TASK> The entries are to be output word for word, with the pictures omitted.

+++ DATA FOR PROCESSING +++

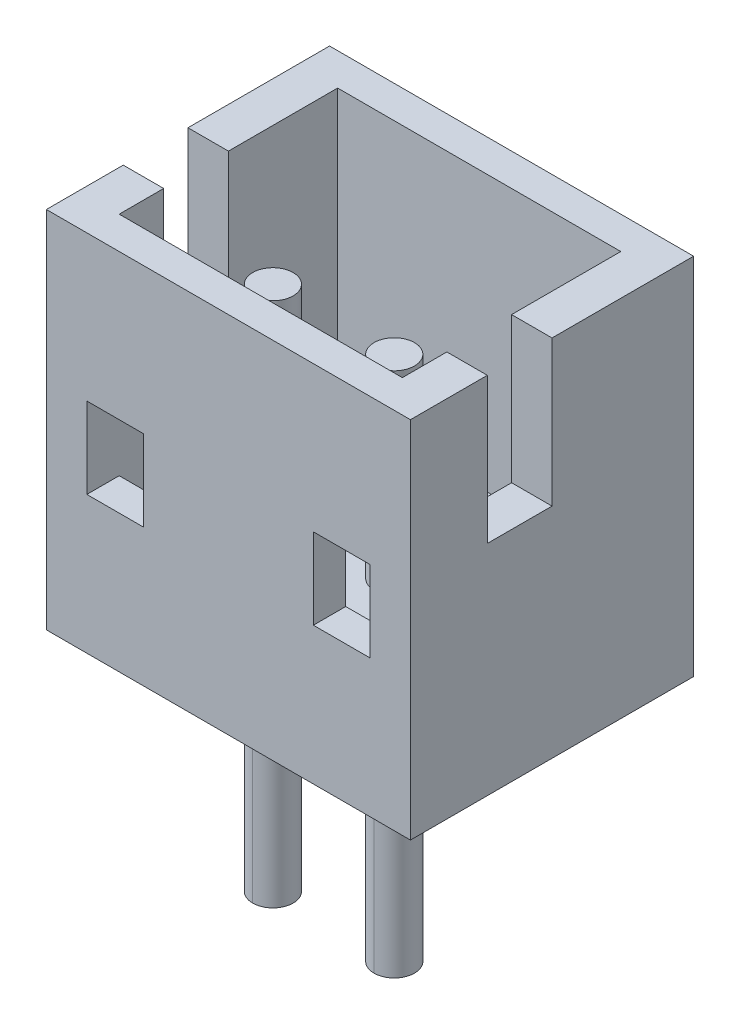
ISO-10303-21;
HEADER;
FILE_DESCRIPTION(('STEP AP214'),'2;1');
FILE_NAME('part.step','',(''),(''),'','','');
FILE_SCHEMA(('AUTOMOTIVE_DESIGN { 1 0 10303 214 1 1 1 1 }'));
ENDSEC;
DATA;
#1=APPLICATION_CONTEXT('core data for automotive mechanical design processes');
#2=APPLICATION_PROTOCOL_DEFINITION('international standard','automotive_design',2000,#1);
#3=PRODUCT_CONTEXT('',#1,'mechanical');
#4=PRODUCT('Part','Part','',(#3));
#5=PRODUCT_RELATED_PRODUCT_CATEGORY('part','',(#4));
#6=PRODUCT_DEFINITION_FORMATION('','',#4);
#7=PRODUCT_DEFINITION_CONTEXT('part definition',#1,'design');
#8=PRODUCT_DEFINITION('design','',#6,#7);
#9=PRODUCT_DEFINITION_SHAPE('','',#8);
#10=(LENGTH_UNIT() NAMED_UNIT(*) SI_UNIT(.MILLI.,.METRE.));
#11=(NAMED_UNIT(*) PLANE_ANGLE_UNIT() SI_UNIT($,.RADIAN.));
#12=(NAMED_UNIT(*) SI_UNIT($,.STERADIAN.) SOLID_ANGLE_UNIT());
#13=UNCERTAINTY_MEASURE_WITH_UNIT(LENGTH_MEASURE(1.E-05),#10,'distance_accuracy_value','');
#14=(GEOMETRIC_REPRESENTATION_CONTEXT(3) GLOBAL_UNCERTAINTY_ASSIGNED_CONTEXT((#13)) GLOBAL_UNIT_ASSIGNED_CONTEXT((#10,
#11,#12)) REPRESENTATION_CONTEXT('',''));
#15=CARTESIAN_POINT('',(0.,0.,0.));
#16=DIRECTION('',(0.,0.,1.));
#17=DIRECTION('',(1.,0.,0.));
#18=AXIS2_PLACEMENT_3D('',#15,#16,#17);
#19=CARTESIAN_POINT('',(0.75,3.8,-1.3));
#20=DIRECTION('',(0.,1.,0.));
#21=DIRECTION('',(1.,0.,0.));
#22=AXIS2_PLACEMENT_3D('',#19,#20,#21);
#23=PLANE('',#22);
#24=CARTESIAN_POINT('',(0.75,3.8,-1.3));
#25=DIRECTION('',(0.,1.,0.));
#26=DIRECTION('',(0.,0.,1.));
#27=AXIS2_PLACEMENT_3D('',#24,#25,#26);
#28=CIRCLE('',#27,0.25);
#29=CARTESIAN_POINT('',(0.75,3.8,-1.05));
#30=VERTEX_POINT('',#29);
#31=CARTESIAN_POINT('',(0.75,3.8,-1.55));
#32=VERTEX_POINT('',#31);
#33=EDGE_CURVE('E20',#30,#32,#28,.T.);
#34=ORIENTED_EDGE('',*,*,#33,.T.);
#35=CARTESIAN_POINT('',(0.75,3.8,-1.3));
#36=DIRECTION('',(0.,1.,0.));
#37=DIRECTION('',(0.,0.,1.));
#38=AXIS2_PLACEMENT_3D('',#35,#36,#37);
#39=CIRCLE('',#38,0.25);
#40=EDGE_CURVE('E26',#32,#30,#39,.T.);
#41=ORIENTED_EDGE('',*,*,#40,.T.);
#42=EDGE_LOOP('',(#34,#41));
#43=FACE_BOUND('',#42,.T.);
#44=ADVANCED_FACE('F17',(#43),#23,.T.);
#45=CARTESIAN_POINT('',(-0.75,3.8,-1.3));
#46=DIRECTION('',(0.,1.,0.));
#47=DIRECTION('',(1.,0.,0.));
#48=AXIS2_PLACEMENT_3D('',#45,#46,#47);
#49=PLANE('',#48);
#50=CARTESIAN_POINT('',(-0.75,3.8,-1.3));
#51=DIRECTION('',(0.,1.,0.));
#52=DIRECTION('',(0.,0.,1.));
#53=AXIS2_PLACEMENT_3D('',#50,#51,#52);
#54=CIRCLE('',#53,0.25);
#55=CARTESIAN_POINT('',(-0.75,3.8,-1.05));
#56=VERTEX_POINT('',#55);
#57=CARTESIAN_POINT('',(-0.75,3.8,-1.55));
#58=VERTEX_POINT('',#57);
#59=EDGE_CURVE('E10',#56,#58,#54,.T.);
#60=ORIENTED_EDGE('',*,*,#59,.T.);
#61=CARTESIAN_POINT('',(-0.75,3.8,-1.3));
#62=DIRECTION('',(0.,1.,0.));
#63=DIRECTION('',(0.,0.,1.));
#64=AXIS2_PLACEMENT_3D('',#61,#62,#63);
#65=CIRCLE('',#64,0.25);
#66=EDGE_CURVE('E551',#58,#56,#65,.T.);
#67=ORIENTED_EDGE('',*,*,#66,.T.);
#68=EDGE_LOOP('',(#60,#67));
#69=FACE_BOUND('',#68,.T.);
#70=ADVANCED_FACE('F806',(#69),#49,.T.);
#71=CARTESIAN_POINT('',(-0.75,-2.7,-1.3));
#72=DIRECTION('',(0.,1.,0.));
#73=DIRECTION('',(0.,0.,1.));
#74=AXIS2_PLACEMENT_3D('',#71,#72,#73);
#75=CYLINDRICAL_SURFACE('',#74,0.25);
#76=CARTESIAN_POINT('',(-0.75,1.4,-1.3));
#77=DIRECTION('',(0.,1.,0.));
#78=DIRECTION('',(0.,0.,1.));
#79=AXIS2_PLACEMENT_3D('',#76,#77,#78);
#80=CIRCLE('',#79,0.25);
#81=CARTESIAN_POINT('',(-0.75,1.4,-1.05));
#82=VERTEX_POINT('',#81);
#83=CARTESIAN_POINT('',(-0.75,1.4,-1.55));
#84=VERTEX_POINT('',#83);
#85=EDGE_CURVE('E386',#82,#84,#80,.T.);
#86=ORIENTED_EDGE('',*,*,#85,.T.);
#87=DIRECTION('',(0.,1.,0.));
#88=VECTOR('',#87,1.);
#89=CARTESIAN_POINT('',(-0.75,-2.7,-1.55));
#90=LINE('',#89,#88);
#91=EDGE_CURVE('E561',#84,#58,#90,.T.);
#92=ORIENTED_EDGE('',*,*,#91,.T.);
#93=ORIENTED_EDGE('',*,*,#59,.F.);
#94=DIRECTION('',(0.,1.,0.));
#95=VECTOR('',#94,1.);
#96=CARTESIAN_POINT('',(-0.75,-2.7,-1.05));
#97=LINE('',#96,#95);
#98=EDGE_CURVE('E565',#82,#56,#97,.T.);
#99=ORIENTED_EDGE('',*,*,#98,.F.);
#100=EDGE_LOOP('',(#86,#92,#93,#99));
#101=FACE_BOUND('',#100,.T.);
#102=ADVANCED_FACE('F810',(#101),#75,.T.);
#103=CARTESIAN_POINT('',(0.75,-2.7,-1.3));
#104=DIRECTION('',(0.,1.,0.));
#105=DIRECTION('',(0.,0.,1.));
#106=AXIS2_PLACEMENT_3D('',#103,#104,#105);
#107=CYLINDRICAL_SURFACE('',#106,0.25);
#108=DIRECTION('',(0.,1.,0.));
#109=VECTOR('',#108,1.);
#110=CARTESIAN_POINT('',(0.75,-2.7,-1.55));
#111=LINE('',#110,#109);
#112=CARTESIAN_POINT('',(0.75,1.4,-1.55));
#113=VERTEX_POINT('',#112);
#114=EDGE_CURVE('E547',#113,#32,#111,.T.);
#115=ORIENTED_EDGE('',*,*,#114,.F.);
#116=CARTESIAN_POINT('',(0.75,1.4,-1.3));
#117=DIRECTION('',(0.,1.,0.));
#118=DIRECTION('',(0.,0.,1.));
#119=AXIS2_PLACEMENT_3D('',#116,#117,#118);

+++

TASK OUTPUT>
ISO-10303-21;
HEADER;
FILE_DESCRIPTION(('STEP AP214'),'2;1');
FILE_NAME('part.step','',(''),(''),'','','');
FILE_SCHEMA(('AUTOMOTIVE_DESIGN { 1 0 10303 214 1 1 1 1 }'));
ENDSEC;
DATA;
#1=APPLICATION_CONTEXT('core data for automotive mechanical design processes');
#2=APPLICATION_PROTOCOL_DEFINITION('international standard','automotive_design',2000,#1);
#3=PRODUCT_CONTEXT('',#1,'mechanical');
#4=PRODUCT('Part','Part','',(#3));
#5=PRODUCT_RELATED_PRODUCT_CATEGORY('part','',(#4));
#6=PRODUCT_DEFINITION_FORMATION('','',#4);
#7=PRODUCT_DEFINITION_CONTEXT('part definition',#1,'design');
#8=PRODUCT_DEFINITION('design','',#6,#7);
#9=PRODUCT_DEFINITION_SHAPE('','',#8);
#10=(LENGTH_UNIT() NAMED_UNIT(*) SI_UNIT(.MILLI.,.METRE.));
#11=(NAMED_UNIT(*) PLANE_ANGLE_UNIT() SI_UNIT($,.RADIAN.));
#12=(NAMED_UNIT(*) SI_UNIT($,.STERADIAN.) SOLID_ANGLE_UNIT());
#13=UNCERTAINTY_MEASURE_WITH_UNIT(LENGTH_MEASURE(1.E-05),#10,'distance_accuracy_value','');
#14=(GEOMETRIC_REPRESENTATION_CONTEXT(3) GLOBAL_UNCERTAINTY_ASSIGNED_CONTEXT((#13)) GLOBAL_UNIT_ASSIGNED_CONTEXT((#10,
#11,#12)) REPRESENTATION_CONTEXT('',''));
#15=CARTESIAN_POINT('',(0.,0.,0.));
#16=DIRECTION('',(0.,0.,1.));
#17=DIRECTION('',(1.,0.,0.));
#18=AXIS2_PLACEMENT_3D('',#15,#16,#17);
#19=CARTESIAN_POINT('',(0.75,3.8,-1.3));
#20=DIRECTION('',(0.,1.,0.));
#21=DIRECTION('',(1.,0.,0.));
#22=AXIS2_PLACEMENT_3D('',#19,#20,#21);
#23=PLANE('',#22);
#24=CARTESIAN_POINT('',(0.75,3.8,-1.3));
#25=DIRECTION('',(0.,1.,0.));
#26=DIRECTION('',(0.,0.,1.));
#27=AXIS2_PLACEMENT_3D('',#24,#25,#26);
#28=CIRCLE('',#27,0.25);
#29=CARTESIAN_POINT('',(0.75,3.8,-1.05));
#30=VERTEX_POINT('',#29);
#31=CARTESIAN_POINT('',(0.75,3.8,-1.55));
#32=VERTEX_POINT('',#31);
#33=EDGE_CURVE('E20',#30,#32,#28,.T.);
#34=ORIENTED_EDGE('',*,*,#33,.T.);
#35=CARTESIAN_POINT('',(0.75,3.8,-1.3));
#36=DIRECTION('',(0.,1.,0.));
#37=DIRECTION('',(0.,0.,1.));
#38=AXIS2_PLACEMENT_3D('',#35,#36,#37);
#39=CIRCLE('',#38,0.25);
#40=EDGE_CURVE('E26',#32,#30,#39,.T.);
#41=ORIENTED_EDGE('',*,*,#40,.T.);
#42=EDGE_LOOP('',(#34,#41));
#43=FACE_BOUND('',#42,.T.);
#44=ADVANCED_FACE('F17',(#43),#23,.T.);
#45=CARTESIAN_POINT('',(-0.75,3.8,-1.3));
#46=DIRECTION('',(0.,1.,0.));
#47=DIRECTION('',(1.,0.,0.));
#48=AXIS2_PLACEMENT_3D('',#45,#46,#47);
#49=PLANE('',#48);
#50=CARTESIAN_POINT('',(-0.75,3.8,-1.3));
#51=DIRECTION('',(0.,1.,0.));
#52=DIRECTION('',(0.,0.,1.));
#53=AXIS2_PLACEMENT_3D('',#50,#51,#52);
#54=CIRCLE('',#53,0.25);
#55=CARTESIAN_POINT('',(-0.75,3.8,-1.05));
#56=VERTEX_POINT('',#55);
#57=CARTESIAN_POINT('',(-0.75,3.8,-1.55));
#58=VERTEX_POINT('',#57);
#59=EDGE_CURVE('E10',#56,#58,#54,.T.);
#60=ORIENTED_EDGE('',*,*,#59,.T.);
#61=CARTESIAN_POINT('',(-0.75,3.8,-1.3));
#62=DIRECTION('',(0.,1.,0.));
#63=DIRECTION('',(0.,0.,1.));
#64=AXIS2_PLACEMENT_3D('',#61,#62,#63);
#65=CIRCLE('',#64,0.25);
#66=EDGE_CURVE('E551',#58,#56,#65,.T.);
#67=ORIENTED_EDGE('',*,*,#66,.T.);
#68=EDGE_LOOP('',(#60,#67));
#69=FACE_BOUND('',#68,.T.);
#70=ADVANCED_FACE('F806',(#69),#49,.T.);
#71=CARTESIAN_POINT('',(-0.75,-2.7,-1.3));
#72=DIRECTION('',(0.,1.,0.));
#73=DIRECTION('',(0.,0.,1.));
#74=AXIS2_PLACEMENT_3D('',#71,#72,#73);
#75=CYLINDRICAL_SURFACE('',#74,0.25);
#76=CARTESIAN_POINT('',(-0.75,1.4,-1.3));
#77=DIRECTION('',(0.,1.,0.));
#78=DIRECTION('',(0.,0.,1.));
#79=AXIS2_PLACEMENT_3D('',#76,#77,#78);
#80=CIRCLE('',#79,0.25);
#81=CARTESIAN_POINT('',(-0.75,1.4,-1.05));
#82=VERTEX_POINT('',#81);
#83=CARTESIAN_POINT('',(-0.75,1.4,-1.55));
#84=VERTEX_POINT('',#83);
#85=EDGE_CURVE('E386',#82,#84,#80,.T.);
#86=ORIENTED_EDGE('',*,*,#85,.T.);
#87=DIRECTION('',(0.,1.,0.));
#88=VECTOR('',#87,1.);
#89=CARTESIAN_POINT('',(-0.75,-2.7,-1.55));
#90=LINE('',#89,#88);
#91=EDGE_CURVE('E561',#84,#58,#90,.T.);
#92=ORIENTED_EDGE('',*,*,#91,.T.);
#93=ORIENTED_EDGE('',*,*,#59,.F.);
#94=DIRECTION('',(0.,1.,0.));
#95=VECTOR('',#94,1.);
#96=CARTESIAN_POINT('',(-0.75,-2.7,-1.05));
#97=LINE('',#96,#95);
#98=EDGE_CURVE('E565',#82,#56,#97,.T.);
#99=ORIENTED_EDGE('',*,*,#98,.F.);
#100=EDGE_LOOP('',(#86,#92,#93,#99));
#101=FACE_BOUND('',#100,.T.);
#102=ADVANCED_FACE('F810',(#101),#75,.T.);
#103=CARTESIAN_POINT('',(0.75,-2.7,-1.3));
#104=DIRECTION('',(0.,1.,0.));
#105=DIRECTION('',(0.,0.,1.));
#106=AXIS2_PLACEMENT_3D('',#103,#104,#105);
#107=CYLINDRICAL_SURFACE('',#106,0.25);
#108=DIRECTION('',(0.,1.,0.));
#109=VECTOR('',#108,1.);
#110=CARTESIAN_POINT('',(0.75,-2.7,-1.55));
#111=LINE('',#110,#109);
#112=CARTESIAN_POINT('',(0.75,1.4,-1.55));
#113=VERTEX_POINT('',#112);
#114=EDGE_CURVE('E547',#113,#32,#111,.T.);
#115=ORIENTED_EDGE('',*,*,#114,.F.);
#116=CARTESIAN_POINT('',(0.75,1.4,-1.3));
#117=DIRECTION('',(0.,1.,0.));
#118=DIRECTION('',(0.,0.,1.));
#119=AXIS2_PLACEMENT_3D('',#116,#117,#118);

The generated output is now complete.